──────── DATA TO PROCESS

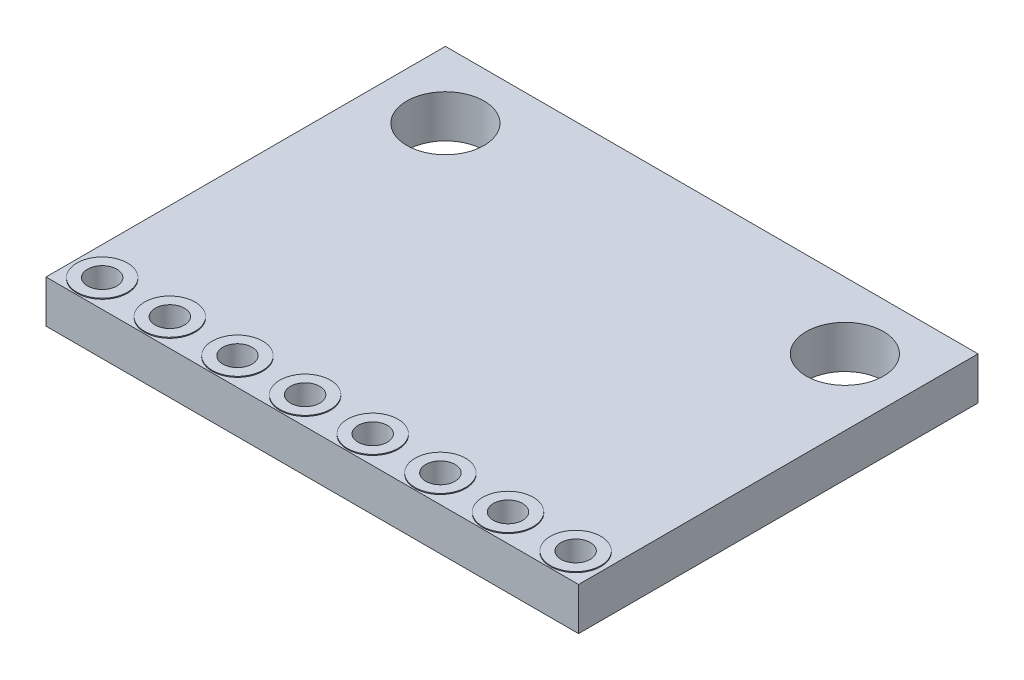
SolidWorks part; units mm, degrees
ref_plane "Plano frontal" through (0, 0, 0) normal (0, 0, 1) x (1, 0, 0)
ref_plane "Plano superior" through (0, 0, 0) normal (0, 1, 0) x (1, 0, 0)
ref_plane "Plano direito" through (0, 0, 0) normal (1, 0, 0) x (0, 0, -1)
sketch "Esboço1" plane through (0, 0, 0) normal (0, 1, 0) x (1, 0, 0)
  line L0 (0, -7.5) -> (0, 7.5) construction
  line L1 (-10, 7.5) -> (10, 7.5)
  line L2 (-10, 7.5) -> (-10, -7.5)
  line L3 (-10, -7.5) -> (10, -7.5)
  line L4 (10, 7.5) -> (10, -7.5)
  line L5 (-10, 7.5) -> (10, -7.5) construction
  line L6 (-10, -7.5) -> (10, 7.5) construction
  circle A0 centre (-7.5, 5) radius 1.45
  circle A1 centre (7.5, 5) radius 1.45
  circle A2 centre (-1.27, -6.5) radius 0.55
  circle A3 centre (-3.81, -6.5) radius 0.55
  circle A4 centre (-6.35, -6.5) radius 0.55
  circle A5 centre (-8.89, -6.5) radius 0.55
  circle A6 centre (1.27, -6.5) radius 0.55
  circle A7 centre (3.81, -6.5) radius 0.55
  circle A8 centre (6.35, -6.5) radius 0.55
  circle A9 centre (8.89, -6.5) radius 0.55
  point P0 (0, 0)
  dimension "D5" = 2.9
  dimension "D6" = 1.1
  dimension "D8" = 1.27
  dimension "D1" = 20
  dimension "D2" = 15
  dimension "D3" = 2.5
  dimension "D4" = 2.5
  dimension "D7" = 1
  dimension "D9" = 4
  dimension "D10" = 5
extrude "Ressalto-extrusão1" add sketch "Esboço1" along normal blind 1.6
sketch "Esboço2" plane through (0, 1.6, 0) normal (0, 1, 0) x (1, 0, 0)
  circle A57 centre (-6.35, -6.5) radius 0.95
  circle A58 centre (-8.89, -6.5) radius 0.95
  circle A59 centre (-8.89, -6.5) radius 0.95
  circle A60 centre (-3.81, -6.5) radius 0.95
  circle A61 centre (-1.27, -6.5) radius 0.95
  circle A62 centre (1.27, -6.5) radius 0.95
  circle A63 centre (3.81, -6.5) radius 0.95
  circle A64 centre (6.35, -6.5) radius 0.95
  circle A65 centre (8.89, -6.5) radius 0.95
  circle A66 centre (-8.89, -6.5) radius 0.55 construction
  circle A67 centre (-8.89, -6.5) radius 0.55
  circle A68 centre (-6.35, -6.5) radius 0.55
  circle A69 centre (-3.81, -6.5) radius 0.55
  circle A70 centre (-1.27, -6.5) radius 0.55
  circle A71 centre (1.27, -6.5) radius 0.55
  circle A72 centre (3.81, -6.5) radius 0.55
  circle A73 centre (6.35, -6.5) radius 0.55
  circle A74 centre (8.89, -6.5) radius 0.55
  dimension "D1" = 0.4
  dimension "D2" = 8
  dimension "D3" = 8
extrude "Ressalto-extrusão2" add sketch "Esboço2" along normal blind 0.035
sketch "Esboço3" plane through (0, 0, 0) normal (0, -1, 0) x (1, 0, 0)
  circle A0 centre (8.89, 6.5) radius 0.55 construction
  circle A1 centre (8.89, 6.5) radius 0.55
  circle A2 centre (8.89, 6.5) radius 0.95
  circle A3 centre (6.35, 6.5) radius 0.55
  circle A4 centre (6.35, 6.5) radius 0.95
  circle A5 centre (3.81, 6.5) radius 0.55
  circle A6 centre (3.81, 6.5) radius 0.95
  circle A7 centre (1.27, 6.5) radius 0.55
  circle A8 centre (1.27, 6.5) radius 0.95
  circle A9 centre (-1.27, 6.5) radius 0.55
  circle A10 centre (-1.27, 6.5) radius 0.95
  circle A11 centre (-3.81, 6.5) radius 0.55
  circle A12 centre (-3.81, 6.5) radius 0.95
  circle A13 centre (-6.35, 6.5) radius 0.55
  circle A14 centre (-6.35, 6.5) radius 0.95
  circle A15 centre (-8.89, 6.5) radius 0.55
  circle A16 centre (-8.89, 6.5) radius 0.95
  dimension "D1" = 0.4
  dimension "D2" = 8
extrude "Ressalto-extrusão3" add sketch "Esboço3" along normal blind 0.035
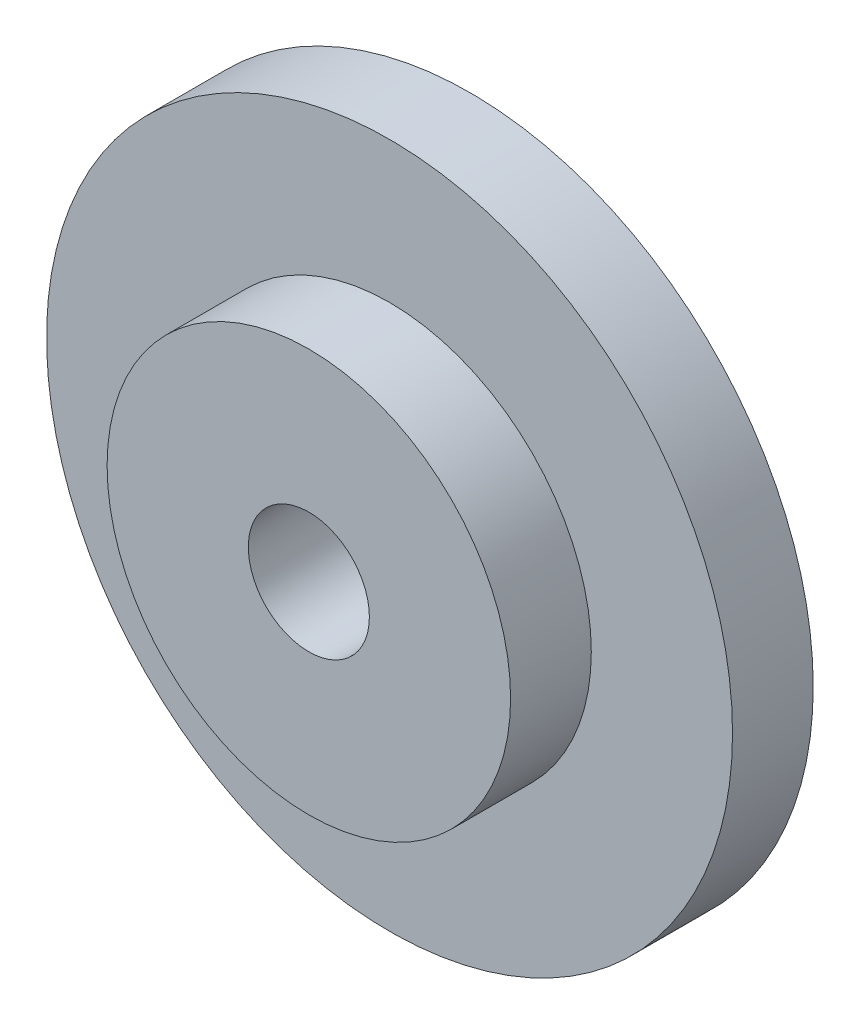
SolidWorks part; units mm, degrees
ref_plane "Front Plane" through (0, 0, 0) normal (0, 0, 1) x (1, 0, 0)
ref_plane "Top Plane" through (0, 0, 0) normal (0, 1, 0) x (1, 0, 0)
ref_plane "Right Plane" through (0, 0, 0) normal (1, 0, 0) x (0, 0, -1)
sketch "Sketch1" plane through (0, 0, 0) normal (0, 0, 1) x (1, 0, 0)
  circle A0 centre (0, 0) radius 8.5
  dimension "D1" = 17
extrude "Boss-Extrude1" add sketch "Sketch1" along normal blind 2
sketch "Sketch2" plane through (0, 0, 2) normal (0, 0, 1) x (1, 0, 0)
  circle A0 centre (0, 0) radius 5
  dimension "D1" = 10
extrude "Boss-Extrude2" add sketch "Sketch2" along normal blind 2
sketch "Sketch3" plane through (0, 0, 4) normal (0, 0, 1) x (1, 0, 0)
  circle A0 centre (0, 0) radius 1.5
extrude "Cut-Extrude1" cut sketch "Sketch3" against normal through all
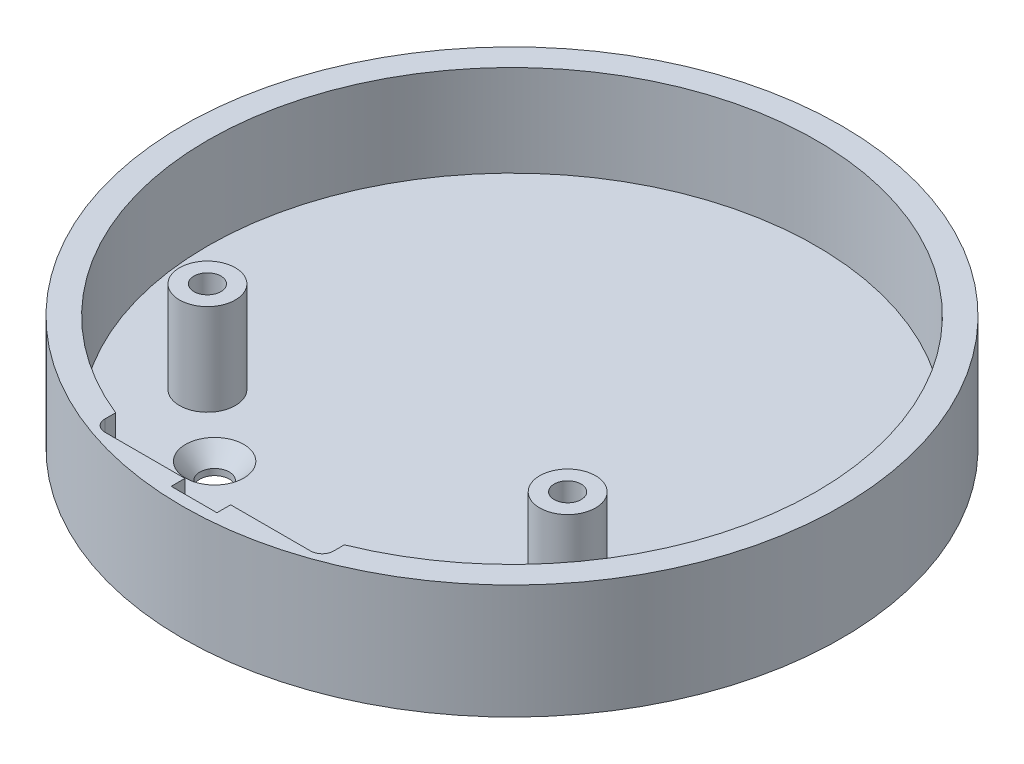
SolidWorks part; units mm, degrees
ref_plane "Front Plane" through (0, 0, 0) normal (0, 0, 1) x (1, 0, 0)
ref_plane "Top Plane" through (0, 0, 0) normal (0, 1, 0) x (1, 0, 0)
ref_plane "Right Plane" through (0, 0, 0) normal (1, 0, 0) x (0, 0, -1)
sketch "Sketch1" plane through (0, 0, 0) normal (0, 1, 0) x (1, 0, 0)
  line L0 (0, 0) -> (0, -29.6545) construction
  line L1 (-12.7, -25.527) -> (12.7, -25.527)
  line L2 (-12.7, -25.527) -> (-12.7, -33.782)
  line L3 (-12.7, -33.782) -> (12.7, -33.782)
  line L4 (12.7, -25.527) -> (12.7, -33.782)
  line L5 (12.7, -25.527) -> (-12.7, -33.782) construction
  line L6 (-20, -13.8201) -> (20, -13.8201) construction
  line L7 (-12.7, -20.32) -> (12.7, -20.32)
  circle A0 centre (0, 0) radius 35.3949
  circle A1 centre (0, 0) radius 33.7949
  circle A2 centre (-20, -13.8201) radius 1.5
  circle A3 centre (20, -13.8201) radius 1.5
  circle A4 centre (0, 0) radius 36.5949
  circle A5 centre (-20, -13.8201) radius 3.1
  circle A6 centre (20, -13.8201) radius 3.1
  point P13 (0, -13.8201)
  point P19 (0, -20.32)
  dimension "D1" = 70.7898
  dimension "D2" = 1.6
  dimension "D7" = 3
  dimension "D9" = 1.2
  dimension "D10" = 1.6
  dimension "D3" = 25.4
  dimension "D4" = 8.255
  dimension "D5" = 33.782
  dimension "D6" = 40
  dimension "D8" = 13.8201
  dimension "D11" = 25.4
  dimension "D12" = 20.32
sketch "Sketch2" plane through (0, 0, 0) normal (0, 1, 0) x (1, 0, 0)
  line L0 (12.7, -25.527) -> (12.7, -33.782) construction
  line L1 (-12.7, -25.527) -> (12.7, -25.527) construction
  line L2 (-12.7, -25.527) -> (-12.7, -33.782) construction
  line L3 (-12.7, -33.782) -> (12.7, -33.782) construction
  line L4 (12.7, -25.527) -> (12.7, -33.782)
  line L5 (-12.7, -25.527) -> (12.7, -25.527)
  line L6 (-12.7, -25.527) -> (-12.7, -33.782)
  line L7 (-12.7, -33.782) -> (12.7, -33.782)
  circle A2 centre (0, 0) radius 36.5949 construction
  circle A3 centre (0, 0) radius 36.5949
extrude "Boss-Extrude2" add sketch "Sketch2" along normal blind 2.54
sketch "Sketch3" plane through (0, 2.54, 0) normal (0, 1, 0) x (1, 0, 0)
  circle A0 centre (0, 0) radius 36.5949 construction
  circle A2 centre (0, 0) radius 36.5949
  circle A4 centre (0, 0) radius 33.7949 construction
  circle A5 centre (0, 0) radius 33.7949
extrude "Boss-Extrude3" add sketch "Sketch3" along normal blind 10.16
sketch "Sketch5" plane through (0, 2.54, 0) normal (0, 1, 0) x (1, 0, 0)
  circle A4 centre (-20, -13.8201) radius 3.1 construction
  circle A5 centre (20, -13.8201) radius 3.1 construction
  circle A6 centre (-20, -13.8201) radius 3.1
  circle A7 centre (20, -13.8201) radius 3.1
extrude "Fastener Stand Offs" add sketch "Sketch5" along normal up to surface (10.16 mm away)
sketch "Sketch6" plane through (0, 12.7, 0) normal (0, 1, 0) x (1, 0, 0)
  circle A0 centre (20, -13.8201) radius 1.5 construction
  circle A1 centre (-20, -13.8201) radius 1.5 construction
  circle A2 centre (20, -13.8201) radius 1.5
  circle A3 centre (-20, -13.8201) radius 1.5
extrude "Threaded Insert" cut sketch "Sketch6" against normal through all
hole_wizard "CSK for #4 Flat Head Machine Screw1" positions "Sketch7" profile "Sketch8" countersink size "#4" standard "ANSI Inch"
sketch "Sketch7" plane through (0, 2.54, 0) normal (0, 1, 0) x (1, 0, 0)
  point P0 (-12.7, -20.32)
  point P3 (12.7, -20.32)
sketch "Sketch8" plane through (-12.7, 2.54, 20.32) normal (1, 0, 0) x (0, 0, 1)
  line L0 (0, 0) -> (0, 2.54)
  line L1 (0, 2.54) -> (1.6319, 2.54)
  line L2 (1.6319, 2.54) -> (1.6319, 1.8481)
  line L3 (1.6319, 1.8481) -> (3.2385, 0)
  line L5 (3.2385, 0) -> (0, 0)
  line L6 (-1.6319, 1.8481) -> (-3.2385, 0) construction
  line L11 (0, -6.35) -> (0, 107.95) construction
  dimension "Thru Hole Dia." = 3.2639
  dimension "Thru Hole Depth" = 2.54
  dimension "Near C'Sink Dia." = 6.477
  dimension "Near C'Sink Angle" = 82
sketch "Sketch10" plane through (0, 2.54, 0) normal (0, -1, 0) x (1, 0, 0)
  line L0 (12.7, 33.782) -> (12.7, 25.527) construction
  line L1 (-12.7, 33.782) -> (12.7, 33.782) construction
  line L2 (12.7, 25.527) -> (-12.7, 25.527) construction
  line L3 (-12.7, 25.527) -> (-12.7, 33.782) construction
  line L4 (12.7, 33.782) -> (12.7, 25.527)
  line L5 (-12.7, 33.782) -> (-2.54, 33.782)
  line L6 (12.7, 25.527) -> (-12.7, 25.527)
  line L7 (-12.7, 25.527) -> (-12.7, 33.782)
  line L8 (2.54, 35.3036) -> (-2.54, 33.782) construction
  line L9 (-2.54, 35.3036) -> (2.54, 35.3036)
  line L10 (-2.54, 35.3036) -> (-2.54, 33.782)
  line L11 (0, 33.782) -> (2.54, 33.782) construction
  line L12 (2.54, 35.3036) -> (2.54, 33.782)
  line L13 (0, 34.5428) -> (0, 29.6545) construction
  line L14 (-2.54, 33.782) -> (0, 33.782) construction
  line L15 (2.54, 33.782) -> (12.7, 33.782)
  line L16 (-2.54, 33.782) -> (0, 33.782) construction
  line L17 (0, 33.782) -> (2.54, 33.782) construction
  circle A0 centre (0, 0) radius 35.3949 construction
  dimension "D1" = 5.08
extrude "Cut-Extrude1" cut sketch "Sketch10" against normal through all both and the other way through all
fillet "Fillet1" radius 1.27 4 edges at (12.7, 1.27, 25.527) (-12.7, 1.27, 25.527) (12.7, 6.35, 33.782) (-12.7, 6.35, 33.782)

────────────────

TASK DETAILS: Starting at the line above that contains "circle A1 centre (7.5, 5) radius 1.45", repeat each line exactly up to and including the line that contains "circle A7 centre (1.27, 6.5) radius 0.55", and stop there.

EXERCISE RESPONSE:
  circle A1 centre (7.5, 5) radius 1.45
  circle A2 centre (-1.27, -6.5) radius 0.55
  circle A3 centre (-3.81, -6.5) radius 0.55
  circle A4 centre (-6.35, -6.5) radius 0.55
  circle A5 centre (-8.89, -6.5) radius 0.55
  circle A6 centre (1.27, -6.5) radius 0.55
  circle A7 centre (3.81, -6.5) radius 0.55
  circle A8 centre (6.35, -6.5) radius 0.55
  circle A9 centre (8.89, -6.5) radius 0.55
  point P0 (0, 0)
  dimension "D5" = 2.9
  dimension "D6" = 1.1
  dimension "D8" = 1.27
  dimension "D1" = 20
  dimension "D2" = 15
  dimension "D3" = 2.5
  dimension "D4" = 2.5
  dimension "D7" = 1
  dimension "D9" = 4
  dimension "D10" = 5
extrude "Ressalto-extrusão1" add sketch "Esboço1" along normal blind 1.6
sketch "Esboço2" plane through (0, 1.6, 0) normal (0, 1, 0) x (1, 0, 0)
  circle A57 centre (-6.35, -6.5) radius 0.95
  circle A58 centre (-8.89, -6.5) radius 0.95
  circle A59 centre (-8.89, -6.5) radius 0.95
  circle A60 centre (-3.81, -6.5) radius 0.95
  circle A61 centre (-1.27, -6.5) radius 0.95
  circle A62 centre (1.27, -6.5) radius 0.95
  circle A63 centre (3.81, -6.5) radius 0.95
  circle A64 centre (6.35, -6.5) radius 0.95
  circle A65 centre (8.89, -6.5) radius 0.95
  circle A66 centre (-8.89, -6.5) radius 0.55 construction
  circle A67 centre (-8.89, -6.5) radius 0.55
  circle A68 centre (-6.35, -6.5) radius 0.55
  circle A69 centre (-3.81, -6.5) radius 0.55
  circle A70 centre (-1.27, -6.5) radius 0.55
  circle A71 centre (1.27, -6.5) radius 0.55
  circle A72 centre (3.81, -6.5) radius 0.55
  circle A73 centre (6.35, -6.5) radius 0.55
  circle A74 centre (8.89, -6.5) radius 0.55
  dimension "D1" = 0.4
  dimension "D2" = 8
  dimension "D3" = 8
extrude "Ressalto-extrusão2" add sketch "Esboço2" along normal blind 0.035
sketch "Esboço3" plane through (0, 0, 0) normal (0, -1, 0) x (1, 0, 0)
  circle A0 centre (8.89, 6.5) radius 0.55 construction
  circle A1 centre (8.89, 6.5) radius 0.55
  circle A2 centre (8.89, 6.5) radius 0.95
  circle A3 centre (6.35, 6.5) radius 0.55
  circle A4 centre (6.35, 6.5) radius 0.95
  circle A5 centre (3.81, 6.5) radius 0.55
  circle A6 centre (3.81, 6.5) radius 0.95
  circle A7 centre (1.27, 6.5) radius 0.55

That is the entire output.